[Dataset entries]
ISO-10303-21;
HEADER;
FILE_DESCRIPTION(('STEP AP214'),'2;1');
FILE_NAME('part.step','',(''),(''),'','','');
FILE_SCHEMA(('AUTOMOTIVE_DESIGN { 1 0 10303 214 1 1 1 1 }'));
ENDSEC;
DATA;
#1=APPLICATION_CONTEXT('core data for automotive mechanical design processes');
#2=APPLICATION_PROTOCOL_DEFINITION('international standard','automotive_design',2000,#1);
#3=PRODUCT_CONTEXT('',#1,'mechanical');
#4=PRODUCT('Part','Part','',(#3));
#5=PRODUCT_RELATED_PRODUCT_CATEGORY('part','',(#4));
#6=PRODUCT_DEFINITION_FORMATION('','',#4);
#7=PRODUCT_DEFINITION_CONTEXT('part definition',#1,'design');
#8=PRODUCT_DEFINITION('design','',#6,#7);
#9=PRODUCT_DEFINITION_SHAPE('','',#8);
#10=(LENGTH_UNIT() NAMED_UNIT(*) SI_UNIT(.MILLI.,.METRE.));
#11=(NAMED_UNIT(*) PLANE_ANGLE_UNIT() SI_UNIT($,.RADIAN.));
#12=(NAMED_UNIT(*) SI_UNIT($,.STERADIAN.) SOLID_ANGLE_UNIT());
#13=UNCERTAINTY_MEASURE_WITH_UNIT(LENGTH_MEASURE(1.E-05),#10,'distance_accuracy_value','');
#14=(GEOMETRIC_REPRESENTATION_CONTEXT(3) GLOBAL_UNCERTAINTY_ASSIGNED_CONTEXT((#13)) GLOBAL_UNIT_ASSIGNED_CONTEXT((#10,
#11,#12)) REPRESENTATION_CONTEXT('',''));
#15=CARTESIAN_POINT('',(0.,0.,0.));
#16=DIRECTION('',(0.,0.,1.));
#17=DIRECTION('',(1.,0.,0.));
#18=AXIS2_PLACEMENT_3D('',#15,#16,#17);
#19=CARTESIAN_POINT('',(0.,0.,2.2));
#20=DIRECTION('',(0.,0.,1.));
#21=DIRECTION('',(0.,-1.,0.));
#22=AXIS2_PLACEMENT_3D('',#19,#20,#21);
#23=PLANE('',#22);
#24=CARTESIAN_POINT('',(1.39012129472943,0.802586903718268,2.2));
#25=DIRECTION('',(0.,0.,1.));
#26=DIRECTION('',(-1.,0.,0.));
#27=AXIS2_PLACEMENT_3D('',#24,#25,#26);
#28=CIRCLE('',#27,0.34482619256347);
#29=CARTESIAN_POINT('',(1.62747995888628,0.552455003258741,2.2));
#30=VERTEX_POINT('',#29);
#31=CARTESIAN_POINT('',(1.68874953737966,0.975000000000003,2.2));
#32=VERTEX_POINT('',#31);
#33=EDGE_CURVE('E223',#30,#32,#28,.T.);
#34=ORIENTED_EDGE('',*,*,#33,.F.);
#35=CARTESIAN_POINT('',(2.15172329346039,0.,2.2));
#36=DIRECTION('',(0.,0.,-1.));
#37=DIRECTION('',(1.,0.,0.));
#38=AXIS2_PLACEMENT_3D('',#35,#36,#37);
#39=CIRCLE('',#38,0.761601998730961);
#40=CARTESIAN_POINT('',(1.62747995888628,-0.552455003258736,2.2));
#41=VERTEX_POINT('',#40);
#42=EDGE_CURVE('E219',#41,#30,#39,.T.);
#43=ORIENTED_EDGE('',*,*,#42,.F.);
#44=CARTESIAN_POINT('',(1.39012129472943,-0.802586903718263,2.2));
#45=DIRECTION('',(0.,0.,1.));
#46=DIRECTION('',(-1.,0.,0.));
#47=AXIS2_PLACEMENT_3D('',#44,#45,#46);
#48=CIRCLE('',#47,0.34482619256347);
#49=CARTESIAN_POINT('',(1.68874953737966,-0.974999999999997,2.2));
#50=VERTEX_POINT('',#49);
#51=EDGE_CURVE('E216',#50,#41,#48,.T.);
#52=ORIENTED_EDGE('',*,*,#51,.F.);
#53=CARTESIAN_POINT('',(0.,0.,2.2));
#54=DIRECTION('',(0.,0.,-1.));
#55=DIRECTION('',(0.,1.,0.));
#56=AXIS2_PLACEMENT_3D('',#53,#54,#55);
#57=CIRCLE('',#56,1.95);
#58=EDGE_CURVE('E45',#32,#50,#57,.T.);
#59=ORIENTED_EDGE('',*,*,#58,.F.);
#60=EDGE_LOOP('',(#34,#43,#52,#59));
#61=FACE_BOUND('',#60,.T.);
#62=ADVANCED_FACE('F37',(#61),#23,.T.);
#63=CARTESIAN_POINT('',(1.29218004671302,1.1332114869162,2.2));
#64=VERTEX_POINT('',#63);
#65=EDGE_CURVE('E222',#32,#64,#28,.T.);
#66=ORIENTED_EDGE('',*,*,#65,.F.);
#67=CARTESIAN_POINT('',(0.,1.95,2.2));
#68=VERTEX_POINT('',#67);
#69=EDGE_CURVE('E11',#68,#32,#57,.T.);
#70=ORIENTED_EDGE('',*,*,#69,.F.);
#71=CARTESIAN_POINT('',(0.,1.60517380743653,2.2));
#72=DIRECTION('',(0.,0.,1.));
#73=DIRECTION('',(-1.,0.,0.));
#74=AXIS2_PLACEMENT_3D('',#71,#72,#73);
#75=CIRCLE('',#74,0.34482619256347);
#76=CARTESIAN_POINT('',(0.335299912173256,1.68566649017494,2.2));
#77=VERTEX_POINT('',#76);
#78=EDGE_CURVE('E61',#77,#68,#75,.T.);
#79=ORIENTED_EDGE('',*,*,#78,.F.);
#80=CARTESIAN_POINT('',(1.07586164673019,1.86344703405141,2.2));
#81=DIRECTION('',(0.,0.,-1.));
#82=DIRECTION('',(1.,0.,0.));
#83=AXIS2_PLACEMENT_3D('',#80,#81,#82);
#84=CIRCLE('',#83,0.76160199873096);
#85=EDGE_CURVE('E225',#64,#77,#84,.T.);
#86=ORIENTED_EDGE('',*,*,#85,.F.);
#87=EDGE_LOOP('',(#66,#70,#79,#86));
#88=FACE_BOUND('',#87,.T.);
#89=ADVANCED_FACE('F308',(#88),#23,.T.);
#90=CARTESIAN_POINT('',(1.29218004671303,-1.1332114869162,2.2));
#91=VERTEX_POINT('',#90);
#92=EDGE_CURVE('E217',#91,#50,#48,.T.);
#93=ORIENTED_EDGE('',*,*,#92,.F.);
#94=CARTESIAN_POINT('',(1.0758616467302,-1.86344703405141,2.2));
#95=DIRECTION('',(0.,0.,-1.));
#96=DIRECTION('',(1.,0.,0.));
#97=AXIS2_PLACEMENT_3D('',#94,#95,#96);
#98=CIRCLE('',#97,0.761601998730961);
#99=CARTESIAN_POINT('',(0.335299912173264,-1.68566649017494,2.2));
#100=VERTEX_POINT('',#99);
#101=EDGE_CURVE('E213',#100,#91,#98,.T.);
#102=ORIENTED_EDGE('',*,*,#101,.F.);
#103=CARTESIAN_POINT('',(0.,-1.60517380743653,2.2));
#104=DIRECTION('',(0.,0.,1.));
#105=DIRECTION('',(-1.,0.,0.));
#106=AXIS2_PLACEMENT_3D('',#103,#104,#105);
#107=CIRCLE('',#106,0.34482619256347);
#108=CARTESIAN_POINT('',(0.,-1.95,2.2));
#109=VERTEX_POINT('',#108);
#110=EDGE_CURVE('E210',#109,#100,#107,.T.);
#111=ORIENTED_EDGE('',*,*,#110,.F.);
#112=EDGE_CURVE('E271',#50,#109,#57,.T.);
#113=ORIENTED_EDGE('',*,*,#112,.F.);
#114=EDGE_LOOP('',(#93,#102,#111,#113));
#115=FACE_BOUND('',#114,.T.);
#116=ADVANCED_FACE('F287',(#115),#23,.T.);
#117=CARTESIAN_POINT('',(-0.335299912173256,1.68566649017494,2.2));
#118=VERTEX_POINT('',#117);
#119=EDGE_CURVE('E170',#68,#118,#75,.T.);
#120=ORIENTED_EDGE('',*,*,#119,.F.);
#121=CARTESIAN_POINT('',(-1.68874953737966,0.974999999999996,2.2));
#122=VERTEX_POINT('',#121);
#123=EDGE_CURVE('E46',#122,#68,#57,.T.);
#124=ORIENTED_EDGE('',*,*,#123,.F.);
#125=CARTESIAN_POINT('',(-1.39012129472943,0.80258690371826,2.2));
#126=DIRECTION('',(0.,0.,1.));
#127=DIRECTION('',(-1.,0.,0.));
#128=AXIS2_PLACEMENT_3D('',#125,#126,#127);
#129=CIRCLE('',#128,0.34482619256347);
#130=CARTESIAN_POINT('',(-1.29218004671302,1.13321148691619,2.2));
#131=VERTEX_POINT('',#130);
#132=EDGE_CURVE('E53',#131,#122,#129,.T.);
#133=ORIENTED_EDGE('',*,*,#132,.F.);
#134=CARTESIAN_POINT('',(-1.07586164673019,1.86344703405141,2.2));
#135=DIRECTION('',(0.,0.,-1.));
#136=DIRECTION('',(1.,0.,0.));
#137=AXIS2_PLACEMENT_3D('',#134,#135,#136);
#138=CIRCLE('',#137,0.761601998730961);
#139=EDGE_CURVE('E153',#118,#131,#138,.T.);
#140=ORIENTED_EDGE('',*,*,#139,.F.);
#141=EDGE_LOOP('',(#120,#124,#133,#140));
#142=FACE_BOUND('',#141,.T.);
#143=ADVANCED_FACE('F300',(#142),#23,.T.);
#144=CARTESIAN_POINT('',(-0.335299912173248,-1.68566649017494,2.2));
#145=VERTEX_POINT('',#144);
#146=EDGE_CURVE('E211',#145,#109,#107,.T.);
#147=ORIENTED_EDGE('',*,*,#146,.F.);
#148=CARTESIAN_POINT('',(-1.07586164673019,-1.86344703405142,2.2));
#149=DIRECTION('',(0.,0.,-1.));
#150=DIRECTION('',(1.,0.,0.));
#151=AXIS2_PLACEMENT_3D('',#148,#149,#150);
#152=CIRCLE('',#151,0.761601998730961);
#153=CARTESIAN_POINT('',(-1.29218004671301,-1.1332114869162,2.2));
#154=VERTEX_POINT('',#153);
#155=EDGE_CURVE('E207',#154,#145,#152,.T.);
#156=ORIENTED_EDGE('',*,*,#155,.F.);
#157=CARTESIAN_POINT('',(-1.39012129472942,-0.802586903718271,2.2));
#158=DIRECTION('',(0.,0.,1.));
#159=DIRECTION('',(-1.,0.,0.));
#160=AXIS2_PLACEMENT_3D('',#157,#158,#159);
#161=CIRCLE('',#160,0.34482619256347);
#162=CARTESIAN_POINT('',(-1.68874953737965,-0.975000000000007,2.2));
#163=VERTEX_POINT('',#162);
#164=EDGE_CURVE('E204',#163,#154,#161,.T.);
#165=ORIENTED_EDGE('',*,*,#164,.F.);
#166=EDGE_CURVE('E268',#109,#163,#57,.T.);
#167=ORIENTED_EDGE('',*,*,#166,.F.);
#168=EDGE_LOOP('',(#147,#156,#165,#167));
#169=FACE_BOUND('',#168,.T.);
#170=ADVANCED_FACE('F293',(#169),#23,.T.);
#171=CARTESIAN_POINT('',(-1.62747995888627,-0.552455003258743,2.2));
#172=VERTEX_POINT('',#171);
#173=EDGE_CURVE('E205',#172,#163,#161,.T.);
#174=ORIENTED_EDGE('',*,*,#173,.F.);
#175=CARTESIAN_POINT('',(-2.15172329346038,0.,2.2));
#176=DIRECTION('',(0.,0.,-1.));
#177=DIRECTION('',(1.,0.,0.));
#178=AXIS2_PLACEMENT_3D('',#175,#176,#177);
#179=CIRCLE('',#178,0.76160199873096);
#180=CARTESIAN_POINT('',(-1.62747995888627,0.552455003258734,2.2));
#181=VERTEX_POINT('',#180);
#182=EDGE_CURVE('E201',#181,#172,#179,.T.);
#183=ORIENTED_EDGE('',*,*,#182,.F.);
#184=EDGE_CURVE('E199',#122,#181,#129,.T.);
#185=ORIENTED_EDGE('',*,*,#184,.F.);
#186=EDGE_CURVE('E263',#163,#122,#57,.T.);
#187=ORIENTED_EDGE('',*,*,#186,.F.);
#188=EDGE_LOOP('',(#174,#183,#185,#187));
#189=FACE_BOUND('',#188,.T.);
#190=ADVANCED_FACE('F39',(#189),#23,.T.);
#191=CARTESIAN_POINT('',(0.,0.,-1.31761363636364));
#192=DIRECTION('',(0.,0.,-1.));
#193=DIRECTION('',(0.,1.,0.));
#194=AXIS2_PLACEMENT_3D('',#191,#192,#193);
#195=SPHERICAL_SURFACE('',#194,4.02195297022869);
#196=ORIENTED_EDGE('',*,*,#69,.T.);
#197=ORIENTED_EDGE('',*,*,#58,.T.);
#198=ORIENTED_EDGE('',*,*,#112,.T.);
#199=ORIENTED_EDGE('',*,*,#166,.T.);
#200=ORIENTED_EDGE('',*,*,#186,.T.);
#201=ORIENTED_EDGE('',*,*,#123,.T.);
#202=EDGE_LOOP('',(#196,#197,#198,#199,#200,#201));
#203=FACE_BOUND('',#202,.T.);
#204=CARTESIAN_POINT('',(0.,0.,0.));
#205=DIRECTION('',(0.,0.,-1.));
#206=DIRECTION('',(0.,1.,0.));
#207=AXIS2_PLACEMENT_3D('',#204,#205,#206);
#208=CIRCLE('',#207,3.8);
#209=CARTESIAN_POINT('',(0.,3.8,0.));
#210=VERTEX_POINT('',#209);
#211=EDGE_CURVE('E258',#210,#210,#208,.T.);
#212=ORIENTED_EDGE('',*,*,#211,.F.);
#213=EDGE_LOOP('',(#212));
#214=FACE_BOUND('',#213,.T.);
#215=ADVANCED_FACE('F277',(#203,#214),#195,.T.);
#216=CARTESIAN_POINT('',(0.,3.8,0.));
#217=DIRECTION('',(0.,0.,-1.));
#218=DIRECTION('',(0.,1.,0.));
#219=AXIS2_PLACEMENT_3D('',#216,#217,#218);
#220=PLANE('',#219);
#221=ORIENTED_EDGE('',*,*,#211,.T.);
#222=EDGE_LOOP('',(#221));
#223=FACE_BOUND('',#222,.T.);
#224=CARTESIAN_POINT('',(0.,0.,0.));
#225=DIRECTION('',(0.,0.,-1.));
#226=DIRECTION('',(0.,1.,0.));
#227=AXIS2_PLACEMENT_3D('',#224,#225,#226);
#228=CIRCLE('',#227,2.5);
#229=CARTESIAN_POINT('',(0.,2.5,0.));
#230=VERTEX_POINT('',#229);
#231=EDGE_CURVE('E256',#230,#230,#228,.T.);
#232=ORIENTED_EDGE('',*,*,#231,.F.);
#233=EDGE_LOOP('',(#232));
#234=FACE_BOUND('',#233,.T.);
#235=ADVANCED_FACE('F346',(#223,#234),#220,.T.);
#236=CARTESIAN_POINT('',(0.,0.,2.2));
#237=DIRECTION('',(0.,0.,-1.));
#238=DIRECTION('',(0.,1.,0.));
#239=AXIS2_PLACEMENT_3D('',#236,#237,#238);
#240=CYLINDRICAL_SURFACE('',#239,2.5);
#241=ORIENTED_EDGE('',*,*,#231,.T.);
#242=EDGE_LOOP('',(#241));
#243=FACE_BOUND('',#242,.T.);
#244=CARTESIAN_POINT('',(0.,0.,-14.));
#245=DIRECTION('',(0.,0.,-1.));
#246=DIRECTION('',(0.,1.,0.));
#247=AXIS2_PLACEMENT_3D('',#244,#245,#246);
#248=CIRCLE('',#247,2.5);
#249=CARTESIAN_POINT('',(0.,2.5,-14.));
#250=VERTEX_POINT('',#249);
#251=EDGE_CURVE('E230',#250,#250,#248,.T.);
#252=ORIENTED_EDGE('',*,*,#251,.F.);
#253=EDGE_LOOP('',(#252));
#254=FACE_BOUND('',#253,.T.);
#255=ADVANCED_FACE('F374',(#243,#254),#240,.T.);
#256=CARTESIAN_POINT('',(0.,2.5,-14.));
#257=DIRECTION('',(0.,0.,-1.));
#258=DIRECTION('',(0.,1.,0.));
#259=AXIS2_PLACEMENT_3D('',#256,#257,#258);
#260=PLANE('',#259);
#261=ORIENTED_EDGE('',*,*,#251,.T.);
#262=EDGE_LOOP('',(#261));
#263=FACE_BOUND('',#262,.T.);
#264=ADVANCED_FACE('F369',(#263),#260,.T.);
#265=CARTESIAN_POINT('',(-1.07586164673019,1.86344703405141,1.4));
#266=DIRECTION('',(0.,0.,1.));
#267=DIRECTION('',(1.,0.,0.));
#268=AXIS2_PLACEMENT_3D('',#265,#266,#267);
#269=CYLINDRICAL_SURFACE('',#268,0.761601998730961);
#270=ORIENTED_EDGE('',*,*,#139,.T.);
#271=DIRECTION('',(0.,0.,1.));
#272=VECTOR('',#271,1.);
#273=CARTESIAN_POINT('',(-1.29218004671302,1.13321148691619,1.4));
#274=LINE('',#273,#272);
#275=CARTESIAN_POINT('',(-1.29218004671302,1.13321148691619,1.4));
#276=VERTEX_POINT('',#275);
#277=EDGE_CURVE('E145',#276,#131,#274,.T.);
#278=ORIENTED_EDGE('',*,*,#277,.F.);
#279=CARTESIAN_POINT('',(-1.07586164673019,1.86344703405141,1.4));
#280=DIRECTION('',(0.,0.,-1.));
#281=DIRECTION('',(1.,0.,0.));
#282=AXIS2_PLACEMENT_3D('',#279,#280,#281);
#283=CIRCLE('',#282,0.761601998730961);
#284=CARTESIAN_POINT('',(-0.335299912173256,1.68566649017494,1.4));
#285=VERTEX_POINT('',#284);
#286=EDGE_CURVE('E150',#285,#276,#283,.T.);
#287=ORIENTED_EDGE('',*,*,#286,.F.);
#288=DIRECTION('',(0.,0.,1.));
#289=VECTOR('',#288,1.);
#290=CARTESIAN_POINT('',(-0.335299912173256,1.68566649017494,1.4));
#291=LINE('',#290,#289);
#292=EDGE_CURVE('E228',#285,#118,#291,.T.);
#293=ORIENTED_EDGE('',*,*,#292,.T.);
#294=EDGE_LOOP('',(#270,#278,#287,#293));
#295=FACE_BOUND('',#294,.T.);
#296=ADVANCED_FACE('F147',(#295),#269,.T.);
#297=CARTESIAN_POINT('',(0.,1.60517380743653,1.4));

Task details: Begin at the top of the records above and quote each line exactly, ending with the line that contains "#9=PRODUCT_DEFINITION_SHAPE('','',#8);".

Answer to this problem:
ISO-10303-21;
HEADER;
FILE_DESCRIPTION(('STEP AP214'),'2;1');
FILE_NAME('part.step','',(''),(''),'','','');
FILE_SCHEMA(('AUTOMOTIVE_DESIGN { 1 0 10303 214 1 1 1 1 }'));
ENDSEC;
DATA;
#1=APPLICATION_CONTEXT('core data for automotive mechanical design processes');
#2=APPLICATION_PROTOCOL_DEFINITION('international standard','automotive_design',2000,#1);
#3=PRODUCT_CONTEXT('',#1,'mechanical');
#4=PRODUCT('Part','Part','',(#3));
#5=PRODUCT_RELATED_PRODUCT_CATEGORY('part','',(#4));
#6=PRODUCT_DEFINITION_FORMATION('','',#4);
#7=PRODUCT_DEFINITION_CONTEXT('part definition',#1,'design');
#8=PRODUCT_DEFINITION('design','',#6,#7);
#9=PRODUCT_DEFINITION_SHAPE('','',#8);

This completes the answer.